Dataset items
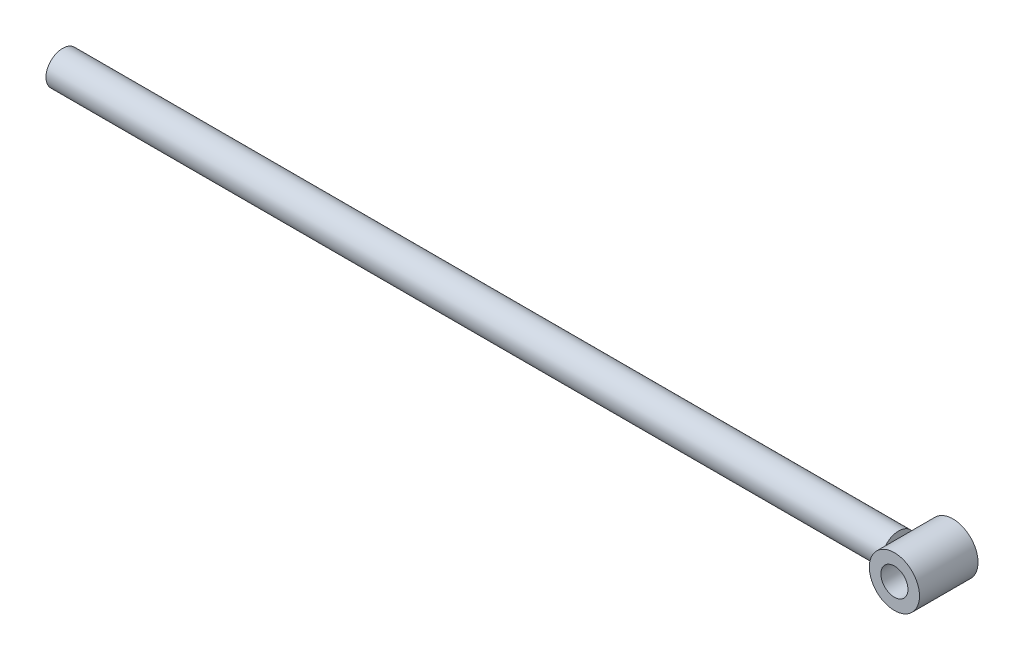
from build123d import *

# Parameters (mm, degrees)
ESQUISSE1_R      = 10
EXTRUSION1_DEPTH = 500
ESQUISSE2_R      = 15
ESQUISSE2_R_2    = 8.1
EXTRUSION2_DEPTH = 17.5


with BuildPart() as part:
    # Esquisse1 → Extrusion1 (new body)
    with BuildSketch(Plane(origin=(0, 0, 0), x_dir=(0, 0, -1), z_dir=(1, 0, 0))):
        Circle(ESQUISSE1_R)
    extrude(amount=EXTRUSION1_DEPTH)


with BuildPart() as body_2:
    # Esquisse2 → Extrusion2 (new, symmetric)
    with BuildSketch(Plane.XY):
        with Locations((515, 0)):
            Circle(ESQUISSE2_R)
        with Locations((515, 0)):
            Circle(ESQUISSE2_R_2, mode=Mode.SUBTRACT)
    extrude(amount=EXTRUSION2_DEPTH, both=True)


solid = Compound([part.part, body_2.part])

=== What is needed ===
Your answer should be a single number, which is the count of lines in the data above that include the word "extrude".

=== Task answer ===
2